A Homeowner’s Guide to Using an Escrow Account for Your Property Taxes

A Homeowner’s Guide to Using an Escrow Account for Your Property Taxes

When purchasing a new home, one term that often comes up is "escrow."

 

An escrow account is a financial tool used to manage ongoing payments for items such as your homeowner’s insurance and property taxes. Each month, a portion of your mortgage payment is set aside in this account, allowing your lender to handle payments on your behalf when they come due. This arrangement helps ensure that you meet your tax obligations without having to make large, lump-sum payments. 

 

Understanding Escrow Accounts

 

An escrow account is a financial tool used by mortgage lenders to help manage property tax payments. When you take out a mortgage, a portion of your monthly payment is allocated to this account. Your lender or servicer collects these funds and holds them until your property taxes and insurance premiums are due.
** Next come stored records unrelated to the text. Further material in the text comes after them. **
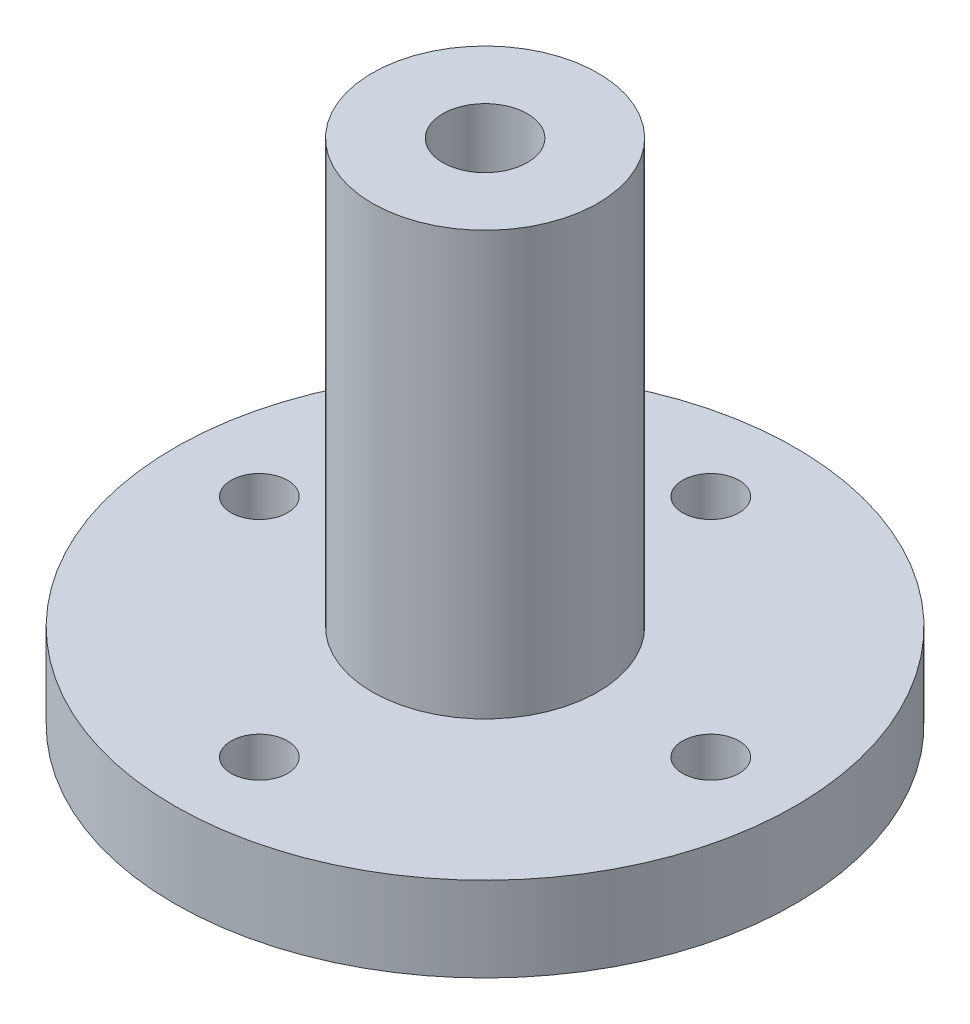
ISO-10303-21;
HEADER;
FILE_DESCRIPTION(('STEP AP214'),'2;1');
FILE_NAME('part.step','',(''),(''),'','','');
FILE_SCHEMA(('AUTOMOTIVE_DESIGN { 1 0 10303 214 1 1 1 1 }'));
ENDSEC;
DATA;
#1=APPLICATION_CONTEXT('core data for automotive mechanical design processes');
#2=APPLICATION_PROTOCOL_DEFINITION('international standard','automotive_design',2000,#1);
#3=PRODUCT_CONTEXT('',#1,'mechanical');
#4=PRODUCT('Part','Part','',(#3));
#5=PRODUCT_RELATED_PRODUCT_CATEGORY('part','',(#4));
#6=PRODUCT_DEFINITION_FORMATION('','',#4);
#7=PRODUCT_DEFINITION_CONTEXT('part definition',#1,'design');
#8=PRODUCT_DEFINITION('design','',#6,#7);
#9=PRODUCT_DEFINITION_SHAPE('','',#8);
#10=(LENGTH_UNIT() NAMED_UNIT(*) SI_UNIT(.MILLI.,.METRE.));
#11=(NAMED_UNIT(*) PLANE_ANGLE_UNIT() SI_UNIT($,.RADIAN.));
#12=(NAMED_UNIT(*) SI_UNIT($,.STERADIAN.) SOLID_ANGLE_UNIT());
#13=UNCERTAINTY_MEASURE_WITH_UNIT(LENGTH_MEASURE(1.E-05),#10,'distance_accuracy_value','');
#14=(GEOMETRIC_REPRESENTATION_CONTEXT(3) GLOBAL_UNCERTAINTY_ASSIGNED_CONTEXT((#13)) GLOBAL_UNIT_ASSIGNED_CONTEXT((#10,
#11,#12)) REPRESENTATION_CONTEXT('',''));
#15=CARTESIAN_POINT('',(0.,0.,0.));
#16=DIRECTION('',(0.,0.,1.));
#17=DIRECTION('',(1.,0.,0.));
#18=AXIS2_PLACEMENT_3D('',#15,#16,#17);
#19=CARTESIAN_POINT('',(0.,3.,0.));
#20=DIRECTION('',(0.,1.,0.));
#21=DIRECTION('',(0.,0.,1.));
#22=AXIS2_PLACEMENT_3D('',#19,#20,#21);
#23=PLANE('',#22);
#24=CARTESIAN_POINT('',(0.,3.,0.));
#25=DIRECTION('',(0.,1.,0.));
#26=DIRECTION('',(0.,0.,1.));
#27=AXIS2_PLACEMENT_3D('',#24,#25,#26);
#28=CIRCLE('',#27,4.);
#29=CARTESIAN_POINT('',(0.,3.,4.));
#30=VERTEX_POINT('',#29);
#31=EDGE_CURVE('E88',#30,#30,#28,.T.);
#32=ORIENTED_EDGE('',*,*,#31,.F.);
#33=EDGE_LOOP('',(#32));
#34=FACE_BOUND('',#33,.T.);
#35=CARTESIAN_POINT('',(0.,3.,8.));
#36=DIRECTION('',(0.,1.,0.));
#37=DIRECTION('',(0.,0.,1.));
#38=AXIS2_PLACEMENT_3D('',#35,#36,#37);
#39=CIRCLE('',#38,1.00000000000005);
#40=CARTESIAN_POINT('',(0.,3.,9.00000000000006));
#41=VERTEX_POINT('',#40);
#42=EDGE_CURVE('E68',#41,#41,#39,.T.);
#43=ORIENTED_EDGE('',*,*,#42,.F.);
#44=EDGE_LOOP('',(#43));
#45=FACE_BOUND('',#44,.T.);
#46=CARTESIAN_POINT('',(0.,3.,-8.));
#47=DIRECTION('',(0.,1.,0.));
#48=DIRECTION('',(0.,0.,1.));
#49=AXIS2_PLACEMENT_3D('',#46,#47,#48);
#50=CIRCLE('',#49,1.);
#51=CARTESIAN_POINT('',(0.,3.,-7.));
#52=VERTEX_POINT('',#51);
#53=EDGE_CURVE('E54',#52,#52,#50,.T.);
#54=ORIENTED_EDGE('',*,*,#53,.F.);
#55=EDGE_LOOP('',(#54));
#56=FACE_BOUND('',#55,.T.);
#57=CARTESIAN_POINT('',(0.,3.,0.));
#58=DIRECTION('',(0.,1.,0.));
#59=DIRECTION('',(0.,0.,1.));
#60=AXIS2_PLACEMENT_3D('',#57,#58,#59);
#61=CIRCLE('',#60,11.);
#62=CARTESIAN_POINT('',(0.,3.,11.));
#63=VERTEX_POINT('',#62);
#64=EDGE_CURVE('E10',#63,#63,#61,.T.);
#65=ORIENTED_EDGE('',*,*,#64,.T.);
#66=EDGE_LOOP('',(#65));
#67=FACE_BOUND('',#66,.T.);
#68=CARTESIAN_POINT('',(8.,3.,0.));
#69=DIRECTION('',(0.,1.,0.));
#70=DIRECTION('',(0.,0.,1.));
#71=AXIS2_PLACEMENT_3D('',#68,#69,#70);
#72=CIRCLE('',#71,1.00000000000003);
#73=CARTESIAN_POINT('',(8.,3.,1.00000000000003));
#74=VERTEX_POINT('',#73);
#75=EDGE_CURVE('E60',#74,#74,#72,.T.);
#76=ORIENTED_EDGE('',*,*,#75,.F.);
#77=EDGE_LOOP('',(#76));
#78=FACE_BOUND('',#77,.T.);
#79=CARTESIAN_POINT('',(-8.,3.,0.));
#80=DIRECTION('',(0.,1.,0.));
#81=DIRECTION('',(0.,0.,1.));
#82=AXIS2_PLACEMENT_3D('',#79,#80,#81);
#83=CIRCLE('',#82,1.00000000000008);
#84=CARTESIAN_POINT('',(-8.,3.,1.00000000000008));
#85=VERTEX_POINT('',#84);
#86=EDGE_CURVE('E76',#85,#85,#83,.T.);
#87=ORIENTED_EDGE('',*,*,#86,.F.);
#88=EDGE_LOOP('',(#87));
#89=FACE_BOUND('',#88,.T.);
#90=ADVANCED_FACE('F41',(#34,#45,#56,#67,#78,#89),#23,.T.);
#91=CARTESIAN_POINT('',(0.,0.,0.));
#92=DIRECTION('',(0.,1.,0.));
#93=DIRECTION('',(0.,0.,1.));
#94=AXIS2_PLACEMENT_3D('',#91,#92,#93);
#95=PLANE('',#94);
#96=CARTESIAN_POINT('',(0.,0.,0.));
#97=DIRECTION('',(0.,1.,0.));
#98=DIRECTION('',(0.,0.,1.));
#99=AXIS2_PLACEMENT_3D('',#96,#97,#98);
#100=CIRCLE('',#99,11.);
#101=CARTESIAN_POINT('',(0.,0.,11.));
#102=VERTEX_POINT('',#101);
#103=EDGE_CURVE('E45',#102,#102,#100,.T.);
#104=ORIENTED_EDGE('',*,*,#103,.F.);
#105=EDGE_LOOP('',(#104));
#106=FACE_BOUND('',#105,.T.);
#107=CARTESIAN_POINT('',(0.,0.,-8.));
#108=DIRECTION('',(0.,1.,0.));
#109=DIRECTION('',(0.,0.,1.));
#110=AXIS2_PLACEMENT_3D('',#107,#108,#109);
#111=CIRCLE('',#110,1.);
#112=CARTESIAN_POINT('',(0.,0.,-7.));
#113=VERTEX_POINT('',#112);
#114=EDGE_CURVE('E56',#113,#113,#111,.T.);
#115=ORIENTED_EDGE('',*,*,#114,.T.);
#116=EDGE_LOOP('',(#115));
#117=FACE_BOUND('',#116,.T.);
#118=CARTESIAN_POINT('',(8.,0.,0.));
#119=DIRECTION('',(0.,1.,0.));
#120=DIRECTION('',(0.,0.,1.));
#121=AXIS2_PLACEMENT_3D('',#118,#119,#120);
#122=CIRCLE('',#121,1.00000000000003);
#123=CARTESIAN_POINT('',(8.,0.,1.00000000000003));
#124=VERTEX_POINT('',#123);
#125=EDGE_CURVE('E64',#124,#124,#122,.T.);
#126=ORIENTED_EDGE('',*,*,#125,.T.);
#127=EDGE_LOOP('',(#126));
#128=FACE_BOUND('',#127,.T.);
#129=CARTESIAN_POINT('',(0.,0.,8.));
#130=DIRECTION('',(0.,1.,0.));
#131=DIRECTION('',(0.,0.,1.));
#132=AXIS2_PLACEMENT_3D('',#129,#130,#131);
#133=CIRCLE('',#132,1.00000000000005);
#134=CARTESIAN_POINT('',(0.,0.,9.00000000000006));
#135=VERTEX_POINT('',#134);
#136=EDGE_CURVE('E72',#135,#135,#133,.T.);
#137=ORIENTED_EDGE('',*,*,#136,.T.);
#138=EDGE_LOOP('',(#137));
#139=FACE_BOUND('',#138,.T.);
#140=CARTESIAN_POINT('',(-8.,0.,0.));
#141=DIRECTION('',(0.,1.,0.));
#142=DIRECTION('',(0.,0.,1.));
#143=AXIS2_PLACEMENT_3D('',#140,#141,#142);
#144=CIRCLE('',#143,1.00000000000008);
#145=CARTESIAN_POINT('',(-8.,0.,1.00000000000008));
#146=VERTEX_POINT('',#145);
#147=EDGE_CURVE('E80',#146,#146,#144,.T.);
#148=ORIENTED_EDGE('',*,*,#147,.T.);
#149=EDGE_LOOP('',(#148));
#150=FACE_BOUND('',#149,.T.);
#151=ADVANCED_FACE('F127',(#106,#117,#128,#139,#150),#95,.F.);
#152=CARTESIAN_POINT('',(0.,3.,0.));
#153=DIRECTION('',(0.,-1.,0.));
#154=DIRECTION('',(0.,0.,-1.));
#155=AXIS2_PLACEMENT_3D('',#152,#153,#154);
#156=CYLINDRICAL_SURFACE('',#155,11.);
#157=ORIENTED_EDGE('',*,*,#64,.F.);
#158=EDGE_LOOP('',(#157));
#159=FACE_BOUND('',#158,.T.);
#160=ORIENTED_EDGE('',*,*,#103,.T.);
#161=EDGE_LOOP('',(#160));
#162=FACE_BOUND('',#161,.T.);
#163=ADVANCED_FACE('F43',(#159,#162),#156,.T.);
#164=CARTESIAN_POINT('',(0.,3.,-8.));
#165=DIRECTION('',(0.,-1.,0.));
#166=DIRECTION('',(0.,0.,-1.));
#167=AXIS2_PLACEMENT_3D('',#164,#165,#166);
#168=CYLINDRICAL_SURFACE('',#167,1.);
#169=ORIENTED_EDGE('',*,*,#53,.T.);
#170=EDGE_LOOP('',(#169));
#171=FACE_BOUND('',#170,.T.);
#172=ORIENTED_EDGE('',*,*,#114,.F.);
#173=EDGE_LOOP('',(#172));
#174=FACE_BOUND('',#173,.T.);
#175=ADVANCED_FACE('F149',(#171,#174),#168,.F.);
#176=CARTESIAN_POINT('',(8.,3.,0.));
#177=DIRECTION('',(0.,-1.,0.));
#178=DIRECTION('',(0.,0.,-1.));
#179=AXIS2_PLACEMENT_3D('',#176,#177,#178);
#180=CYLINDRICAL_SURFACE('',#179,1.00000000000003);
#181=ORIENTED_EDGE('',*,*,#75,.T.);
#182=EDGE_LOOP('',(#181));
#183=FACE_BOUND('',#182,.T.);
#184=ORIENTED_EDGE('',*,*,#125,.F.);
#185=EDGE_LOOP('',(#184));
#186=FACE_BOUND('',#185,.T.);
#187=ADVANCED_FACE('F156',(#183,#186),#180,.F.);
#188=CARTESIAN_POINT('',(0.,3.,8.));
#189=DIRECTION('',(0.,-1.,0.));
#190=DIRECTION('',(0.,0.,-1.));
#191=AXIS2_PLACEMENT_3D('',#188,#189,#190);
#192=CYLINDRICAL_SURFACE('',#191,1.00000000000005);
#193=ORIENTED_EDGE('',*,*,#42,.T.);
#194=EDGE_LOOP('',(#193));
#195=FACE_BOUND('',#194,.T.);
#196=ORIENTED_EDGE('',*,*,#136,.F.);
#197=EDGE_LOOP('',(#196));
#198=FACE_BOUND('',#197,.T.);
#199=ADVANCED_FACE('F139',(#195,#198),#192,.F.);
#200=CARTESIAN_POINT('',(-8.,3.,0.));
#201=DIRECTION('',(0.,-1.,0.));
#202=DIRECTION('',(0.,0.,-1.));
#203=AXIS2_PLACEMENT_3D('',#200,#201,#202);
#204=CYLINDRICAL_SURFACE('',#203,1.00000000000008);
#205=ORIENTED_EDGE('',*,*,#86,.T.);
#206=EDGE_LOOP('',(#205));
#207=FACE_BOUND('',#206,.T.);
#208=ORIENTED_EDGE('',*,*,#147,.F.);
#209=EDGE_LOOP('',(#208));
#210=FACE_BOUND('',#209,.T.);
#211=ADVANCED_FACE('F121',(#207,#210),#204,.F.);
#212=CARTESIAN_POINT('',(0.,18.,0.));
#213=DIRECTION('',(0.,-1.,0.));
#214=DIRECTION('',(0.,0.,-1.));
#215=AXIS2_PLACEMENT_3D('',#212,#213,#214);
#216=CYLINDRICAL_SURFACE('',#215,4.);
#217=CARTESIAN_POINT('',(0.,18.,0.));
#218=DIRECTION('',(0.,1.,0.));
#219=DIRECTION('',(0.,0.,1.));
#220=AXIS2_PLACEMENT_3D('',#217,#218,#219);
#221=CIRCLE('',#220,4.);
#222=CARTESIAN_POINT('',(0.,18.,4.));
#223=VERTEX_POINT('',#222);
#224=EDGE_CURVE('E84',#223,#223,#221,.T.);
#225=ORIENTED_EDGE('',*,*,#224,.F.);
#226=EDGE_LOOP('',(#225));
#227=FACE_BOUND('',#226,.T.);
#228=ORIENTED_EDGE('',*,*,#31,.T.);
#229=EDGE_LOOP('',(#228));
#230=FACE_BOUND('',#229,.T.);
#231=ADVANCED_FACE('F115',(#227,#230),#216,.T.);
#232=CARTESIAN_POINT('',(0.,18.,0.));
#233=DIRECTION('',(0.,1.,0.));
#234=DIRECTION('',(0.,0.,1.));
#235=AXIS2_PLACEMENT_3D('',#232,#233,#234);
#236=PLANE('',#235);
#237=CARTESIAN_POINT('',(0.,18.,0.));
#238=DIRECTION('',(0.,1.,0.));
#239=DIRECTION('',(0.,0.,1.));
#240=AXIS2_PLACEMENT_3D('',#237,#238,#239);
#241=CIRCLE('',#240,1.5);
#242=CARTESIAN_POINT('',(0.,18.,1.5));
#243=VERTEX_POINT('',#242);
#244=EDGE_CURVE('E96',#243,#243,#241,.T.);
#245=ORIENTED_EDGE('',*,*,#244,.F.);
#246=EDGE_LOOP('',(#245));
#247=FACE_BOUND('',#246,.T.);
#248=ORIENTED_EDGE('',*,*,#224,.T.);
#249=EDGE_LOOP('',(#248));
#250=FACE_BOUND('',#249,.T.);
#251=ADVANCED_FACE('F109',(#247,#250),#236,.T.);
#252=CARTESIAN_POINT('',(0.,13.,0.));
#253=DIRECTION('',(0.,1.,0.));
#254=DIRECTION('',(0.,0.,1.));
#255=AXIS2_PLACEMENT_3D('',#252,#253,#254);
#256=CYLINDRICAL_SURFACE('',#255,1.5);
#257=CARTESIAN_POINT('',(0.,13.,0.));
#258=DIRECTION('',(0.,1.,0.));
#259=DIRECTION('',(0.,0.,1.));
#260=AXIS2_PLACEMENT_3D('',#257,#258,#259);
#261=CIRCLE('',#260,1.5);
#262=CARTESIAN_POINT('',(0.,13.,1.5));
#263=VERTEX_POINT('',#262);
#264=EDGE_CURVE('E92',#263,#263,#261,.T.);
#265=ORIENTED_EDGE('',*,*,#264,.F.);
#266=EDGE_LOOP('',(#265));
#267=FACE_BOUND('',#266,.T.);
#268=ORIENTED_EDGE('',*,*,#244,.T.);
#269=EDGE_LOOP('',(#268));
#270=FACE_BOUND('',#269,.T.);
#271=ADVANCED_FACE('F106',(#267,#270),#256,.F.);
#272=CARTESIAN_POINT('',(0.,13.,0.));
#273=DIRECTION('',(0.,1.,0.));
#274=DIRECTION('',(0.,0.,1.));
#275=AXIS2_PLACEMENT_3D('',#272,#273,#274);
#276=PLANE('',#275);
#277=ORIENTED_EDGE('',*,*,#264,.T.);
#278=EDGE_LOOP('',(#277));
#279=FACE_BOUND('',#278,.T.);
#280=ADVANCED_FACE('F104',(#279),#276,.T.);
#281=CLOSED_SHELL('',(#90,#151,#163,#175,#187,#199,#211,#231,#251,#271,#280));
#282=MANIFOLD_SOLID_BREP('B2',#281);
#283=ADVANCED_BREP_SHAPE_REPRESENTATION('',(#18,#282),#14);
#284=SHAPE_DEFINITION_REPRESENTATION(#9,#283);
ENDSEC;
END-ISO-10303-21;

When payment time arrives, they disburse the funds on your behalf, ensuring that your obligations are met on time.

 

When it comes to property taxes, the amount each homeowner pays annually can vary depending on local tax rates as well as your property’s assessed value. 

 

How is an Escrow Account Used to Manage Your Property Taxes?

 

The amount you pay into your escrow account is not static. Property taxes can fluctuate when your property is reassessed, affecting how much you need to set aside. 

 

Every year, your lender will conduct an analysis of your escrow account. If they find that you’ve paid too much, you’ll receive an escrow refund. Conversely, if they’ve collected too little, you might need to make a one-time payment or adjust your monthly payment to cover the shortfall.

 

How Are Property Taxes Calculated? 

 

Property taxes are determined through a process known as reassessment, where local assessors evaluate your property’s market value. The frequency of these reassessments varies by location—ranging from every year to every ten years. Generally, an increase in property taxes reflects local budget changes, such as school funding or infrastructure improvements.

 

How Property Taxes Affect Your Mortgage Payment

 

If your taxes rise, and your lender has collected insufficient funds, you may face an adjustment to your monthly payment to ensure your escrow account remains funded. If you anticipate a tax increase, it’s wise to contact your servicer proactively to adjust your payments accordingly.

 

Some homeowners opt to waive the escrow requirement and manage their property taxes independently. While this gives you more control, it also means you’ll need to keep track of your payments and due dates, which can be a challenge.

 

Benefits of Using an Escrow Account to Manage Your Property Taxes

 

For many homeowners, an escrow account offers significant advantages:

 

Convenience: You make a single monthly payment, and your lender handles the disbursement of funds for taxes and insurance, ensuring timely payments.

 

Financial Peace of Mind: You won’t need to scramble to come up with a large sum when taxes or insurance are due. Instead, you spread these costs out over the year.

 

Less Stress: Knowing that your taxes and insurance are being managed by your mortgage servicer can alleviate anxiety about potential late payments or shortages.

 

Closing Thoughts 

 

Property tax escrow accounts are a significant component of homeownership, providing a structured way to manage your property tax payments. By understanding how these accounts work, you can navigate your mortgage with greater confidence and ease. If you have any questions about your escrow account or how property taxes affect your mortgage payment, don’t hesitate to give us a call or visit us online.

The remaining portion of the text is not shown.